Machine learning#
This section illustrates the features of the gemseo.mlearning package:
how to create a machine learning model for classification, clustering or regression,
how to transform the data,
how to assess the quality of a model,
how to tune a model.
This package is particularly useful for creating a surrogate model,
as a SurrogateDiscipline wraps a regression model built from it.
However,
for those who are not very comfortable with machine learning
and for those who are essentially interested in the surrogate modelling,
starting with the examples
about the SurrogateDiscipline should be more relevant.
Calibration and selection#
During the training stage, the parameters of a machine learning model are modified so that this model learns the training data as well as possible.
This model also depends on hyperparameters that are fixed during training.
For example, the polynomial degree in the case of polynomial regression.
The MLAlgoCalibration class can be used
to tune these hyperparameters so as to improve this model.
Moreover,
even if this model has learned well,
it is possible that another has learned better.
The MLAlgoSelection class can be used
to select the best machine learning model from a collection.
Classification#
The purpose of a classification model is to predict the label value corresponding to a feature value after being trained from several feature-label samples.
Clustering#
The purpose of a clustering model is to group training observations according to their similarities.
Dimension reduction#
How to reduce the dimension of a high-dimensional variable.
Quality#
It is important to evaluate the quality of a machine learning model before using it.

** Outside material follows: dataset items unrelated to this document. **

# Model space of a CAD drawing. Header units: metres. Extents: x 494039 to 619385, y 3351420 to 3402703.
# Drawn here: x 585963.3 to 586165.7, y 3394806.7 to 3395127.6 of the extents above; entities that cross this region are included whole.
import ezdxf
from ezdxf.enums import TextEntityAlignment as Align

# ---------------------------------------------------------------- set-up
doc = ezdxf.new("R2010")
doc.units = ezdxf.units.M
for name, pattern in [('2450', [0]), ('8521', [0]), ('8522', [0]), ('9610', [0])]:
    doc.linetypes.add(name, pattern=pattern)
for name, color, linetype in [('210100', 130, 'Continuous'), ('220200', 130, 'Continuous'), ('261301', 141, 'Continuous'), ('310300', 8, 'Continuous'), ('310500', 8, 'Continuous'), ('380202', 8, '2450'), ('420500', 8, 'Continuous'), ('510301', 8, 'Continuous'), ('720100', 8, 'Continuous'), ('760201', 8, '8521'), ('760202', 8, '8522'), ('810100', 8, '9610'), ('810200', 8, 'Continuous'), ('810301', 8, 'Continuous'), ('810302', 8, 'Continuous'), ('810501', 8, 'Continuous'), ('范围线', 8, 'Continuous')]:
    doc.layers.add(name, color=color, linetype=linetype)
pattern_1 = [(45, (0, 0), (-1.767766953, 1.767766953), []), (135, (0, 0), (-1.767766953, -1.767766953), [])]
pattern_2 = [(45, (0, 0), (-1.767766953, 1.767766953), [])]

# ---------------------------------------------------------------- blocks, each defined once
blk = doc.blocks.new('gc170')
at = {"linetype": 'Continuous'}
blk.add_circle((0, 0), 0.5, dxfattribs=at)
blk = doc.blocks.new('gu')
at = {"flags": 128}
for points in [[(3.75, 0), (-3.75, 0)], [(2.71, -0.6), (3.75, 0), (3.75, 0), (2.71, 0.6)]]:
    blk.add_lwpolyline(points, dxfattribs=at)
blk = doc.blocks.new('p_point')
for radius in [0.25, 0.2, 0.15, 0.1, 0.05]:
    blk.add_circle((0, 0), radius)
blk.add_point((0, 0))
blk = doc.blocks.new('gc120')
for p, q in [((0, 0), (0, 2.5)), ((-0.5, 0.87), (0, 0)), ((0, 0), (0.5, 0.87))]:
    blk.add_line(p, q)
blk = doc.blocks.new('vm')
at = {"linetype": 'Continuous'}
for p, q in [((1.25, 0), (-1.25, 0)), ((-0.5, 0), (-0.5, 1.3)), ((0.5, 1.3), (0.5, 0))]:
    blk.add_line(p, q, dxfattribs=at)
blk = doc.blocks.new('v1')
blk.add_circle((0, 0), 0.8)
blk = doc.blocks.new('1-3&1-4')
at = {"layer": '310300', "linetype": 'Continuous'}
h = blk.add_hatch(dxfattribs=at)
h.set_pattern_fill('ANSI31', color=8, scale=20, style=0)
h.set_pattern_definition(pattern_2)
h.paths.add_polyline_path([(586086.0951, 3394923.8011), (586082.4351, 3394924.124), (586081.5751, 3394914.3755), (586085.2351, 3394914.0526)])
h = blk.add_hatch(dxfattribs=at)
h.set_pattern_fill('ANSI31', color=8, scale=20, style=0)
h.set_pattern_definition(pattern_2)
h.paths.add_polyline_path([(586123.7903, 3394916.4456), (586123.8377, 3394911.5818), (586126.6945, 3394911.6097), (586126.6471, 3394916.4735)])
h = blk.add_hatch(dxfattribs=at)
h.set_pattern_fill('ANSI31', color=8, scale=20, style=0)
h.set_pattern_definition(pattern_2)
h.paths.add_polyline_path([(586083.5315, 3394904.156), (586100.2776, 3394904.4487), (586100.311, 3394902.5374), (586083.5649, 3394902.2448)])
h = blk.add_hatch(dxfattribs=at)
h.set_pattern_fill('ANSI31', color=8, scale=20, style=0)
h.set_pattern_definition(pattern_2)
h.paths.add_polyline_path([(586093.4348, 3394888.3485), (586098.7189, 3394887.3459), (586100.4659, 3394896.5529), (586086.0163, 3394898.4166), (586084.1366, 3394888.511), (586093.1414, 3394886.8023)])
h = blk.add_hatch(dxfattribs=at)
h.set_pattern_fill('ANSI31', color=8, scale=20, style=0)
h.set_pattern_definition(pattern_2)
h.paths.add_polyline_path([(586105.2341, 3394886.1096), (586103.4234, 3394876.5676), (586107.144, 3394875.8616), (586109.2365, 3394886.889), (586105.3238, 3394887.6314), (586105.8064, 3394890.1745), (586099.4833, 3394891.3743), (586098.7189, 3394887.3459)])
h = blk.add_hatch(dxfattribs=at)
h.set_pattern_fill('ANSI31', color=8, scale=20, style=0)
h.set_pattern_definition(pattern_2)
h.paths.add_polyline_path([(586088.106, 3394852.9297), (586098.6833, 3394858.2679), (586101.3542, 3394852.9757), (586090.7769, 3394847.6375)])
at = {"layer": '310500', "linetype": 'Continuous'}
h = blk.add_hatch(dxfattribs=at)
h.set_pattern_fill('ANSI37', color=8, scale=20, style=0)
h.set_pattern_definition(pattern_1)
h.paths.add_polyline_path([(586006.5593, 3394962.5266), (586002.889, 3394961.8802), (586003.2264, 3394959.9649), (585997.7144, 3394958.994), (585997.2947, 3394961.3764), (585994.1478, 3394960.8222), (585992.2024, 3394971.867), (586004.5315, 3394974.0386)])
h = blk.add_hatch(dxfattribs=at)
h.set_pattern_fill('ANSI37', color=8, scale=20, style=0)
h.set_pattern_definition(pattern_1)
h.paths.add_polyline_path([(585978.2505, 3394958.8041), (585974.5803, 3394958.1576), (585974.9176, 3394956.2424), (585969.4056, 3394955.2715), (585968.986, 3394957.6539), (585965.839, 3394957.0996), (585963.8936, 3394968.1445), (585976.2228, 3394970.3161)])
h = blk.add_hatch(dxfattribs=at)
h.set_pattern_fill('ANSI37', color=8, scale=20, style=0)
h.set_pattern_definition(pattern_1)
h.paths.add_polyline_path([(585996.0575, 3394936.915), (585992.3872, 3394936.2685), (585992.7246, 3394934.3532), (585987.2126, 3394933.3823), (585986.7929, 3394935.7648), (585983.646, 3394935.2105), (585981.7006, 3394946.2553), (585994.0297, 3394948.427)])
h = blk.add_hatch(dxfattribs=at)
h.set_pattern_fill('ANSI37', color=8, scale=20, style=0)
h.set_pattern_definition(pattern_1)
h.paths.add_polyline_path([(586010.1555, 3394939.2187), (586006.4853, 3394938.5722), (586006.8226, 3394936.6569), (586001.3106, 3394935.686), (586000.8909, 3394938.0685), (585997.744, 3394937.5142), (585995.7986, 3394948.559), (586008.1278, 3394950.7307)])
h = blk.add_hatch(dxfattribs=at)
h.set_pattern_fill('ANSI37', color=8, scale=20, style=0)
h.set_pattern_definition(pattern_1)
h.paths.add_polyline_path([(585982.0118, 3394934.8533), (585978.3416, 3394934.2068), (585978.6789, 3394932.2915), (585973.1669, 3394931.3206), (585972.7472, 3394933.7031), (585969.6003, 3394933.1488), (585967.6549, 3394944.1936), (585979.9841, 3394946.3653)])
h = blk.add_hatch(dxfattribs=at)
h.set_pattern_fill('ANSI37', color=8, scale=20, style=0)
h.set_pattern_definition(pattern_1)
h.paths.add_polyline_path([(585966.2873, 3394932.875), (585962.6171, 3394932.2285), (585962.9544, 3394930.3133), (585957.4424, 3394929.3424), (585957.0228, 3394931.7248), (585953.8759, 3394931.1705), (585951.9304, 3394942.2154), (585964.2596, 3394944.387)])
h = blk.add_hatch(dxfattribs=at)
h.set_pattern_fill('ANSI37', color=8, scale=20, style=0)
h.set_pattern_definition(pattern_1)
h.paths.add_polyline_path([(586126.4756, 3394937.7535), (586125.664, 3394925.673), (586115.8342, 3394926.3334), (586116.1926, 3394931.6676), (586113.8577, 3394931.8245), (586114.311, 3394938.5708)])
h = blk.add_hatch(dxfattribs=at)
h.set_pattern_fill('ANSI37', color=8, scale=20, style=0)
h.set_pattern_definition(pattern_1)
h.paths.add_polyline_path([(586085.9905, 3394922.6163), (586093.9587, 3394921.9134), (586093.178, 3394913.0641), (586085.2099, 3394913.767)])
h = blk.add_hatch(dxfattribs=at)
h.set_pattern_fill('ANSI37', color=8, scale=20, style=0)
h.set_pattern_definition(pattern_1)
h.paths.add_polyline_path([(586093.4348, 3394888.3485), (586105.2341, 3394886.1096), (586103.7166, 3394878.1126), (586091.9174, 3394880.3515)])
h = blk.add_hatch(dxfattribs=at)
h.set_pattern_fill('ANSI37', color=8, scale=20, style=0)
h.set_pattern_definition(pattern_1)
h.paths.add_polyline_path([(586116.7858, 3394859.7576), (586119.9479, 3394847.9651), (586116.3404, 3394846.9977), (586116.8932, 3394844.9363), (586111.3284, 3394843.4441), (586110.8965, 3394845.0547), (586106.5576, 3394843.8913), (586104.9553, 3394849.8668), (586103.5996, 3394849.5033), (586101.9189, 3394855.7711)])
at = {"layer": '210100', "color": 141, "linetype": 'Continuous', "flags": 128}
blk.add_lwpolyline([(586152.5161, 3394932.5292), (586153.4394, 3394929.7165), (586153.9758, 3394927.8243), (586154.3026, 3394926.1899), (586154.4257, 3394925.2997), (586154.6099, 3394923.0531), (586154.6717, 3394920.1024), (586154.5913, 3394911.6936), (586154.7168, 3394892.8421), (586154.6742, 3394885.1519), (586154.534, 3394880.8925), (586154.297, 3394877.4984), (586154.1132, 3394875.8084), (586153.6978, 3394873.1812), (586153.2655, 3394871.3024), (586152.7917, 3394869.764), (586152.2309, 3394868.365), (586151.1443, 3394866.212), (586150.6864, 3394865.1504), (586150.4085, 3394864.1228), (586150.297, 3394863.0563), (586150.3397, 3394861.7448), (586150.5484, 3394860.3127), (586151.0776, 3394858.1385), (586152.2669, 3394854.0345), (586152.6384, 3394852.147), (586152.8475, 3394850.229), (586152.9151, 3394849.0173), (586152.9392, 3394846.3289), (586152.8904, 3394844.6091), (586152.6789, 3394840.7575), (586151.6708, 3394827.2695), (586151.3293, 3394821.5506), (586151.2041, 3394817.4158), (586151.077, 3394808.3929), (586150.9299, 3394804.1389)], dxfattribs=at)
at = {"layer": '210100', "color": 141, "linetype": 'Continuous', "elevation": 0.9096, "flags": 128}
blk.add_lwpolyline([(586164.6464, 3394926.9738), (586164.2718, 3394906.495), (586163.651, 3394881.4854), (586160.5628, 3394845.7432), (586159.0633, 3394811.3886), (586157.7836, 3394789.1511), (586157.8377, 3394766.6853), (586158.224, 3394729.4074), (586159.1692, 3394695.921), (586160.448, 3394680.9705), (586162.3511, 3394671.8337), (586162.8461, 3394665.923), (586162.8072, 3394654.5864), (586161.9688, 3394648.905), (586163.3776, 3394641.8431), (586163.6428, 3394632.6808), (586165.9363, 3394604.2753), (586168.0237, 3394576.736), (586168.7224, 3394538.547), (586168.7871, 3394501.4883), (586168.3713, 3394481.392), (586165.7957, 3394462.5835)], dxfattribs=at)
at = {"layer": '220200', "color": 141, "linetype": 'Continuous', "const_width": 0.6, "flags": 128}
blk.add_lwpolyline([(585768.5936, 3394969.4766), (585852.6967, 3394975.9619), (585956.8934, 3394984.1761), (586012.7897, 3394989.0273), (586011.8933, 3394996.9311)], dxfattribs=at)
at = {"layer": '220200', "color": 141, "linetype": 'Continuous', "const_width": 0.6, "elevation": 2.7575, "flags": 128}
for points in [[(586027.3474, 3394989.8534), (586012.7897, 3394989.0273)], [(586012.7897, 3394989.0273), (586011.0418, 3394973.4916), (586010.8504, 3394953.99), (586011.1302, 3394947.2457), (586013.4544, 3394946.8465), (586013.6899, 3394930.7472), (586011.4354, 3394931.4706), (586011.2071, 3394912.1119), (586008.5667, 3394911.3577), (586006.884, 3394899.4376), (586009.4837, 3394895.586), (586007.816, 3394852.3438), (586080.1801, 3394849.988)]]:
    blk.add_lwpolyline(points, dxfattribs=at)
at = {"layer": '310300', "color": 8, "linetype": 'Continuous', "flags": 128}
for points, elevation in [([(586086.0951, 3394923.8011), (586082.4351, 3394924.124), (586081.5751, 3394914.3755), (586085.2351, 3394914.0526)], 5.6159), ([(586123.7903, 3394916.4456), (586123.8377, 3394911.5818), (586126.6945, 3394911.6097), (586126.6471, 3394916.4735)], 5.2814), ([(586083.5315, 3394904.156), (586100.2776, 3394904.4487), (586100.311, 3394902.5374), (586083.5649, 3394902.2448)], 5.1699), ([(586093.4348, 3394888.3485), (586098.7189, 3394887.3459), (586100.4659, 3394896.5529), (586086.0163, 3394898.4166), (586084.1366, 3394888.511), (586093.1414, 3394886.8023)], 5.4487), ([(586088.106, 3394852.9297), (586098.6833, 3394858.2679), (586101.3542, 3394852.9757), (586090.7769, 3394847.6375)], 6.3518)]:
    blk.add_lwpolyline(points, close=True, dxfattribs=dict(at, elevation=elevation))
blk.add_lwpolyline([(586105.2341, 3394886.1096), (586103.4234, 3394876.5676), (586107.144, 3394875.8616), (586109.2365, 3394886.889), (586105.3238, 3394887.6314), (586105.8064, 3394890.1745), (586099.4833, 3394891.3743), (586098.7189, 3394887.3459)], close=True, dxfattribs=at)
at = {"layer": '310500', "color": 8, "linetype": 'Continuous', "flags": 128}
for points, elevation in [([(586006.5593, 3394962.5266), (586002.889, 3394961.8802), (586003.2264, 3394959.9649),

GEMSEO proposes numerical measures and visualizations for this purpose.
Regression#
The purpose of a regression model is to predict the output value corresponding to an input value after being trained from several input-output samples.
Data transformation#
Fitting a model from transformed data rather than raw data can facilitate the training
and improve the quality of the machine learning model.
Every machine learning model has a transformer argument to set the transformation policy (none by default).
In the special case of regression models,
the function create_surrogate() and the SurrogateDiscipline class
use the BaseRegressor.DEFAULT_TRANSFORMER by default,
which is MinMaxScaler for both inputs and outputs.